To date, there have been only preliminary reports on the use of glass carbomer clinically, and no long-term studies have been published. Consequently, the durability of the material in the mouths of patients is not yet known.

This review has shown from the published literature that glass-ionomer cements are versatile acid-base materials with a variety of uses in modern dentistry. They show a degree of bioactivity when set that causes them to develop an interfacial ion-exchange layer with the tooth, and this is responsible for the high durability of their adhesion to the tooth surface. They release fluoride for considerable periods of time, a feature which is generally considered to be beneficial, though evidence to support this is somewhat equivocal.

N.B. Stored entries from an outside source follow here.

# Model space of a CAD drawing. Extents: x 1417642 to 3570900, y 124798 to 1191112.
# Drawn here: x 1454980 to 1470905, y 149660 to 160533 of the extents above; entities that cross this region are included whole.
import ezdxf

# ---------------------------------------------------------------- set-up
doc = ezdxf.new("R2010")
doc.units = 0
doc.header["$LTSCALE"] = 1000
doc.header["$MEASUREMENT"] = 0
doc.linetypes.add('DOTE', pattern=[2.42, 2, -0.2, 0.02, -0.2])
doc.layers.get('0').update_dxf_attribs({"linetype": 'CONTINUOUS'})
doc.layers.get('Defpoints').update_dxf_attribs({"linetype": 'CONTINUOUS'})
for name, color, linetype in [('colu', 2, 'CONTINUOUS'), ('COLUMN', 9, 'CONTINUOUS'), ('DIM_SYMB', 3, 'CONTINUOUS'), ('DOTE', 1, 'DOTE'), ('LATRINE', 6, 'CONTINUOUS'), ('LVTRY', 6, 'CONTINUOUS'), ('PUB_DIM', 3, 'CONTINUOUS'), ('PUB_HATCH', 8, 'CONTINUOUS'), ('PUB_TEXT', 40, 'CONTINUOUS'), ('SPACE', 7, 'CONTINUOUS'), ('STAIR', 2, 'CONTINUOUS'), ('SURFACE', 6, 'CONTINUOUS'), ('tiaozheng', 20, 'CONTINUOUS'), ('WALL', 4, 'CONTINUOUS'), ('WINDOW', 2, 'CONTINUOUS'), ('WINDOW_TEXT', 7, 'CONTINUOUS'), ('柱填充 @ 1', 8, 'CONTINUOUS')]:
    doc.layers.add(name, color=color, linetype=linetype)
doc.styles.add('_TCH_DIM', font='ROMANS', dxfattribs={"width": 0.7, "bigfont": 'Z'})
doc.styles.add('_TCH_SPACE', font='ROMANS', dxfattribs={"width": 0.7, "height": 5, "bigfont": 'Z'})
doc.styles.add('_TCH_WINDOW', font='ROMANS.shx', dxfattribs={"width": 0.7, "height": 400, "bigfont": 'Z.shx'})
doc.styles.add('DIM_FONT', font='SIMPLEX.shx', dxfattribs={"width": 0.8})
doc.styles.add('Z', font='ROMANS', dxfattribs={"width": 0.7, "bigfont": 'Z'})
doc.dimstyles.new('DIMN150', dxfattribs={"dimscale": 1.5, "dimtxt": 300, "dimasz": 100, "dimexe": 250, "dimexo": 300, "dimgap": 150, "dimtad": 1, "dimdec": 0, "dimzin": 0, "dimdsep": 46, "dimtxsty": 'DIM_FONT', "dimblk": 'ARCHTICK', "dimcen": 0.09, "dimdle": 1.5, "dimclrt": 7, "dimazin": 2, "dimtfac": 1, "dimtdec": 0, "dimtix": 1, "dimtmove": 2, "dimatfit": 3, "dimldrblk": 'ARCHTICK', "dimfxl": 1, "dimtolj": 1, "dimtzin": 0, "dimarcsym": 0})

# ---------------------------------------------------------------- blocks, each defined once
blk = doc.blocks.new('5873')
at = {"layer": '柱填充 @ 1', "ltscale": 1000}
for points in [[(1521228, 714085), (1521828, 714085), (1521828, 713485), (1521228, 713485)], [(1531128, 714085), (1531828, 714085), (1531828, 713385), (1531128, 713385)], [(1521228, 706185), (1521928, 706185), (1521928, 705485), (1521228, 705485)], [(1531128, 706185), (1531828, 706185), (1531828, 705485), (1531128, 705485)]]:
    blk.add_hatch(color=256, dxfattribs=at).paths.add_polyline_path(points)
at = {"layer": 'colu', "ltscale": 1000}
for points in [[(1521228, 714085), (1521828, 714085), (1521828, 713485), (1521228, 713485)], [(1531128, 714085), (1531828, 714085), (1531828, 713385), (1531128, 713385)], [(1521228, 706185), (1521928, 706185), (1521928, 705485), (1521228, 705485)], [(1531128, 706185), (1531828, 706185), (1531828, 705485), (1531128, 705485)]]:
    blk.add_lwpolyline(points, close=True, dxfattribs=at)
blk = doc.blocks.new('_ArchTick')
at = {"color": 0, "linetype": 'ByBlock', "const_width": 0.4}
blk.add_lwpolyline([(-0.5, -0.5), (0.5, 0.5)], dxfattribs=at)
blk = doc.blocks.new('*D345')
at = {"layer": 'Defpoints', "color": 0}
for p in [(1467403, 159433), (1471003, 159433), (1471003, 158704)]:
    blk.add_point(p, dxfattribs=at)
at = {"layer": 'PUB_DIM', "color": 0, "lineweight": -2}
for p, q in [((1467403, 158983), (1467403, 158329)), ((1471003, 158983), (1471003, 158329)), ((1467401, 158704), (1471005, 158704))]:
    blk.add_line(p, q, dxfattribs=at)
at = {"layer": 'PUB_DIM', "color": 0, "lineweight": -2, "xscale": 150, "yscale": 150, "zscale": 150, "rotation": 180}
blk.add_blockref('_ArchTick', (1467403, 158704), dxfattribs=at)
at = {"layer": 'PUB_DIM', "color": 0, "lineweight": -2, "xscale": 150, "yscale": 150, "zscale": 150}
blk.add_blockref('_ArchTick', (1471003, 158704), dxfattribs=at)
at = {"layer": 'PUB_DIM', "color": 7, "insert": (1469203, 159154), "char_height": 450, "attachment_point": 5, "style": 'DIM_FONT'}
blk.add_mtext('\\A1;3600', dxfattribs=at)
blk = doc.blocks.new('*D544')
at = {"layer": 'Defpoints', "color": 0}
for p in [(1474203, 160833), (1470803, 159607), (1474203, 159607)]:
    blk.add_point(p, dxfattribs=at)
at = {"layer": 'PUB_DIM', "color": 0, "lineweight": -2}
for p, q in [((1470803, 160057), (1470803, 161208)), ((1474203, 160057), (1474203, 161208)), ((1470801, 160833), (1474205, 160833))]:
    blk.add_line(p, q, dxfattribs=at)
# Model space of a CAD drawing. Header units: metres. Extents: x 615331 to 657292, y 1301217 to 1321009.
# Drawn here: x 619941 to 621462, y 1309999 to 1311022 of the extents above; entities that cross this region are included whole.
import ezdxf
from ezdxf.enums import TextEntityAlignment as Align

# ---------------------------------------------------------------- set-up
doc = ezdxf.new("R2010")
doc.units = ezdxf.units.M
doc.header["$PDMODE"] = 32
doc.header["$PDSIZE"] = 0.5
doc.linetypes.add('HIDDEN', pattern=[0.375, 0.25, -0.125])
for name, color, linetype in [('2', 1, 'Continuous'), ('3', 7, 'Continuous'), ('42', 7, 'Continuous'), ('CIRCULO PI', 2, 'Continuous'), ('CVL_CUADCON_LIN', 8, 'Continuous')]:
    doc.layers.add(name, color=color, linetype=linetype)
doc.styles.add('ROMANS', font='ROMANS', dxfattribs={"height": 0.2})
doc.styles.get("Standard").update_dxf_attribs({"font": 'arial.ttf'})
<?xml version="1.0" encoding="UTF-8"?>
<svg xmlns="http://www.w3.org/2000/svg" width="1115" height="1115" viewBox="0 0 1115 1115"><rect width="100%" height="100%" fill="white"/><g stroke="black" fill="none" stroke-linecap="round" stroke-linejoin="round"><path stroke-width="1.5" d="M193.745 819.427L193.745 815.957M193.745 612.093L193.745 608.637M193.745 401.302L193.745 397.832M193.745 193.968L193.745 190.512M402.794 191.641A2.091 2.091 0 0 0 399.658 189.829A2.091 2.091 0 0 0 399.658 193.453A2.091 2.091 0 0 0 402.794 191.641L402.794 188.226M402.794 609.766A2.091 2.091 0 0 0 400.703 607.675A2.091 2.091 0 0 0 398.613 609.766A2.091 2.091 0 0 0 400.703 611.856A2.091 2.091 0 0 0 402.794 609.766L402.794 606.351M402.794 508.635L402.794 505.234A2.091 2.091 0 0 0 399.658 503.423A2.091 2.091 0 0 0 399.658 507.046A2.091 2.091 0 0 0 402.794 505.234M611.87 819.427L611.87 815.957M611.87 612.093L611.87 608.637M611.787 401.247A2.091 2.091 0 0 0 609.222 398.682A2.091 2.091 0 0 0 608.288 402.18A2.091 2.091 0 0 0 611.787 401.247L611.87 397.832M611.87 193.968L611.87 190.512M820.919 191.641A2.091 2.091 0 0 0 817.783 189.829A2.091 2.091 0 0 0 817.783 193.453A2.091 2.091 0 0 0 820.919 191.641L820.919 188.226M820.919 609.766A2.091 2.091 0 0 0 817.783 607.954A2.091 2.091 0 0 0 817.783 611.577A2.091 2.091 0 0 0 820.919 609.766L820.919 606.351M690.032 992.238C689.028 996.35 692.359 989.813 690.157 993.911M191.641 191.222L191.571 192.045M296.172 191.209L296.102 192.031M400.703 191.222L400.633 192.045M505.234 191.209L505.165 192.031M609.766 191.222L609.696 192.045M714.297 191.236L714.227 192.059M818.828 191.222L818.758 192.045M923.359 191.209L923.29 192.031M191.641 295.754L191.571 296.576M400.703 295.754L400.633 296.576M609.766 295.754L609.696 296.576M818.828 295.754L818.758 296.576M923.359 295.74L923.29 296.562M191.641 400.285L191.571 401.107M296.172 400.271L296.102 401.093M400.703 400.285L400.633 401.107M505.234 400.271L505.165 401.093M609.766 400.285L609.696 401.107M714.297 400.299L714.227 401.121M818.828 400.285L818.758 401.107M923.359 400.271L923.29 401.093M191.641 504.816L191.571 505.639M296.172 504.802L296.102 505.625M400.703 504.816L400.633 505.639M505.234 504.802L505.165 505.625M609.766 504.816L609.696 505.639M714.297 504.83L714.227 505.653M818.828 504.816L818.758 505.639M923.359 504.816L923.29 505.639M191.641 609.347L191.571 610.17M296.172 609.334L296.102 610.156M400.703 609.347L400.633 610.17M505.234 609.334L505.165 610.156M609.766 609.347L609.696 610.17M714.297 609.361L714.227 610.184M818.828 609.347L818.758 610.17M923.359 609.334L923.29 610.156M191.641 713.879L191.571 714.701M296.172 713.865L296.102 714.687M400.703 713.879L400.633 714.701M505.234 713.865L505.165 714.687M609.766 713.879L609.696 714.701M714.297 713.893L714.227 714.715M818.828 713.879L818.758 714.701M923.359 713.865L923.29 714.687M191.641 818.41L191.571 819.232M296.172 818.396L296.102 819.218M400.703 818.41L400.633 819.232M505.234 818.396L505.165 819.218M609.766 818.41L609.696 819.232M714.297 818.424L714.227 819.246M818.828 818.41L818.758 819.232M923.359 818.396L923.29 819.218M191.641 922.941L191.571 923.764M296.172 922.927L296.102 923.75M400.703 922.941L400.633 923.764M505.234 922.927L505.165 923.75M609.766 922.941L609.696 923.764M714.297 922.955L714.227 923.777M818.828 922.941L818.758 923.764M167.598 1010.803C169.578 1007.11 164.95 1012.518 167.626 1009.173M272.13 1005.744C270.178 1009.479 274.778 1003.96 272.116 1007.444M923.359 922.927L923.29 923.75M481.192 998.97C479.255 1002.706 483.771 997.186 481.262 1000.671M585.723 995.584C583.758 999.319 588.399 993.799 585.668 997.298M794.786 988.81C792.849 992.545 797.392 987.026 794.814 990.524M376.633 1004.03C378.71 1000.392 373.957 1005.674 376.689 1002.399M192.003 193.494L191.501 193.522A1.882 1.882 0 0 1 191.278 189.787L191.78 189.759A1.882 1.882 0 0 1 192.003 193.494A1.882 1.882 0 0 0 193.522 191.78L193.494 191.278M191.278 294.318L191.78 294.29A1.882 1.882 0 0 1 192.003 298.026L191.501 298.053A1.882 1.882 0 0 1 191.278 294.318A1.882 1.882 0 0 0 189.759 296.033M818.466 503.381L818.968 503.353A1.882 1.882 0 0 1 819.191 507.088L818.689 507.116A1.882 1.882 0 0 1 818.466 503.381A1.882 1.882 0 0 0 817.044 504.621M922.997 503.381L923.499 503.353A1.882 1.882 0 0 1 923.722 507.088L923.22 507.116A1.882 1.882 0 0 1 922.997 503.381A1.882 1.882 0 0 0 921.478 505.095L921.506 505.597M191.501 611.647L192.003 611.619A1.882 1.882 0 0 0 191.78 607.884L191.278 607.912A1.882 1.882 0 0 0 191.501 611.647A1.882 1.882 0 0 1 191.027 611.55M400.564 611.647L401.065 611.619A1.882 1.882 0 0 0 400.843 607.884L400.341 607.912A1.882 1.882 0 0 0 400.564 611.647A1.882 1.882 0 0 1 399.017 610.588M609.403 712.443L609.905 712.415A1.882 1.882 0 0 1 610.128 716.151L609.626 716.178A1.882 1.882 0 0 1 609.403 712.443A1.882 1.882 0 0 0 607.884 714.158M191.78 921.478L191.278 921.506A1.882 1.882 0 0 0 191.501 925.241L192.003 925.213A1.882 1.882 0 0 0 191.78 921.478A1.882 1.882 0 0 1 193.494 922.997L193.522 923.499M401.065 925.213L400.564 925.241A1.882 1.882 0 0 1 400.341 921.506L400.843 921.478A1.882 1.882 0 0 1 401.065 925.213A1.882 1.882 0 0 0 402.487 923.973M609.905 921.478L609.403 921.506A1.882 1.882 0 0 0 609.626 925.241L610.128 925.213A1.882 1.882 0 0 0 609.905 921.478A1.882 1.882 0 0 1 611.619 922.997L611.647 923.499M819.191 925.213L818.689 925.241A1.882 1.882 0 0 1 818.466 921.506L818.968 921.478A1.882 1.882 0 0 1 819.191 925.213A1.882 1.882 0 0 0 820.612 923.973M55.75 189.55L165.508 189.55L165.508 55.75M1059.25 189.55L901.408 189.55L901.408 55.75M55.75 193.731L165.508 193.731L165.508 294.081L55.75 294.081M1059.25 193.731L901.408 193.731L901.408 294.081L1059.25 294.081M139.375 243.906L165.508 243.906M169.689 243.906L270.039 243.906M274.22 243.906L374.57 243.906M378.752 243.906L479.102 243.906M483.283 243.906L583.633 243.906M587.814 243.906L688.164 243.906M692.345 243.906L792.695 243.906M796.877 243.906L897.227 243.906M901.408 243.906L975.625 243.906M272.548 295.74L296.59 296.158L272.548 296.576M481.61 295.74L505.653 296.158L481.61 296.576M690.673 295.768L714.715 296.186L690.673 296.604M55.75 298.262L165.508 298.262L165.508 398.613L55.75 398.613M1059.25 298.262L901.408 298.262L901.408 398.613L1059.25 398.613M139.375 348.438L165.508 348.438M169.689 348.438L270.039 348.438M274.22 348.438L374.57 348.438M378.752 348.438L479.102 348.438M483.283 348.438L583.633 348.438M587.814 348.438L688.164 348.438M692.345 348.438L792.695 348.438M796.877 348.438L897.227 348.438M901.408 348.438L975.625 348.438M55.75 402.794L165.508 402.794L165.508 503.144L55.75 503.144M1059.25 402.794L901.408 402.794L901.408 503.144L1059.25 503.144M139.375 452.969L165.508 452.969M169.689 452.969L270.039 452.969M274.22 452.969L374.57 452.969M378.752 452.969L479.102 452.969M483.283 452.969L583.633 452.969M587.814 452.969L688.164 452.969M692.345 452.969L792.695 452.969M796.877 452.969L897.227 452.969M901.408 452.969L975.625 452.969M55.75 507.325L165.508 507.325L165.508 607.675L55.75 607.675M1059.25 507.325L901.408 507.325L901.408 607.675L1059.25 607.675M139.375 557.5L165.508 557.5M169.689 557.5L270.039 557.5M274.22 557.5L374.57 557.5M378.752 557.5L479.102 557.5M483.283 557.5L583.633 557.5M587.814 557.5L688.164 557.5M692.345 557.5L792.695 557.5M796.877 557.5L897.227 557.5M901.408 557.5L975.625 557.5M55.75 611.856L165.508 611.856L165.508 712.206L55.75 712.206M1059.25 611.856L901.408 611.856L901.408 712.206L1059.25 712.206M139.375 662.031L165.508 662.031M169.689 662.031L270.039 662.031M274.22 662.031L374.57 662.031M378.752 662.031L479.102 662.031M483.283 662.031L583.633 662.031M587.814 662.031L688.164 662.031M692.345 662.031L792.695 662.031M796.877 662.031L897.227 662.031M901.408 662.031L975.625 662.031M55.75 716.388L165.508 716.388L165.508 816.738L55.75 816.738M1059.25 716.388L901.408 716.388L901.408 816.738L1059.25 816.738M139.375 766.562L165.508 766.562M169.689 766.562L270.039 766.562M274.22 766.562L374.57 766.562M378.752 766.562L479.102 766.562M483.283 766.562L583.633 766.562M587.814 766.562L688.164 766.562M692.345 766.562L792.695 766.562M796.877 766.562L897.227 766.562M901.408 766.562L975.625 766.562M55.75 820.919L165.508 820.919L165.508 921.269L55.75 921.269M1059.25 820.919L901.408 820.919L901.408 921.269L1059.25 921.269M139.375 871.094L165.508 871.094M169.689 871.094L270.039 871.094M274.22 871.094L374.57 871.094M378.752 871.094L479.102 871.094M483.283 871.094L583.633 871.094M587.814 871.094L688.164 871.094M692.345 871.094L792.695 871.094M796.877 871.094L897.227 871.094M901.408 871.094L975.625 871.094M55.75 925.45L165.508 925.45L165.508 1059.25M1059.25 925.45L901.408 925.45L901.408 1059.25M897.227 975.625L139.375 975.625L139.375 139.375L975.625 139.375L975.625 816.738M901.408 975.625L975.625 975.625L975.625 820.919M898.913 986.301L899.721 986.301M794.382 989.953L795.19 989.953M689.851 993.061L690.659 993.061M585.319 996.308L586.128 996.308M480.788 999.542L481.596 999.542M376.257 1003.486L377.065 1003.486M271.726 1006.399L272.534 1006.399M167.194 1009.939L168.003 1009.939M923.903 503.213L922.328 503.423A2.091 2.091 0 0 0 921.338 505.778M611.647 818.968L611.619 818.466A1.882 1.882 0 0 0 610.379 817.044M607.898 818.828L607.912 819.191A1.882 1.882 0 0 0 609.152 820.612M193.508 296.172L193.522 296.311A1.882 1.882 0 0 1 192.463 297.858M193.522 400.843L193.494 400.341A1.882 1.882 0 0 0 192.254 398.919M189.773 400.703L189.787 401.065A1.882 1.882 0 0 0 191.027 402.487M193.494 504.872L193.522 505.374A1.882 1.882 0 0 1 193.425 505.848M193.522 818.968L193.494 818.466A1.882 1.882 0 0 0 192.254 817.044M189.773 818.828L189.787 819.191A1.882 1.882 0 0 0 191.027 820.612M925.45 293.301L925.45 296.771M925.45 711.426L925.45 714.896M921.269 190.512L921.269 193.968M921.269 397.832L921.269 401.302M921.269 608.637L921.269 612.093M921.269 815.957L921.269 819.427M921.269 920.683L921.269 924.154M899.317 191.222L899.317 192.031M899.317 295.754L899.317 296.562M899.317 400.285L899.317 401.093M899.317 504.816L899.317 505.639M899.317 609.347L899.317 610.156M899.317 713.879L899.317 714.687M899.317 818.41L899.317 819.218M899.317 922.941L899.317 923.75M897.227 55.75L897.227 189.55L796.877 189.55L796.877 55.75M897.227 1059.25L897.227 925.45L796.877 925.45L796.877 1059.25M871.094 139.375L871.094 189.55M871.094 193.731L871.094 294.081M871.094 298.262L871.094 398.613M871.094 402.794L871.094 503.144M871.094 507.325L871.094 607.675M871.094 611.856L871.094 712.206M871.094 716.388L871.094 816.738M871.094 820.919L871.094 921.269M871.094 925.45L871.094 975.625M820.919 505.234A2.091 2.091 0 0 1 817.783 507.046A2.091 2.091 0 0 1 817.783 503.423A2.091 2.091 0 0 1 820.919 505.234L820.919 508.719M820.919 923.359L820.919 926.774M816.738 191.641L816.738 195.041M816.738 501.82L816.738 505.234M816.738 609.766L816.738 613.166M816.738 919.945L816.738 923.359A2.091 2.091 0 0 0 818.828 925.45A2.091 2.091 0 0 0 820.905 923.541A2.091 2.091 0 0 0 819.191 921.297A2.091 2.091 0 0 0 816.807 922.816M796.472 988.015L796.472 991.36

Modified forms of glass-ionomer are available, in the form of resin-modified glass-ionomers and glass carbomer. The former include a monomer and set in part by an addition polymerization, which augments the acid-base process and can be controlled using light activation. Physical properties of these materials are comparable with those of conventional glass-ionomers, but their biocompatibility is less good. Glass carbomer appears to be more brittle and less strong than the best modern conventional glass-ionomers. It releases fluoride, and the literature claims that it has been formulated with the aim of enhancing its bioactivity [78,80], though so far evidence to confirm this is lacking.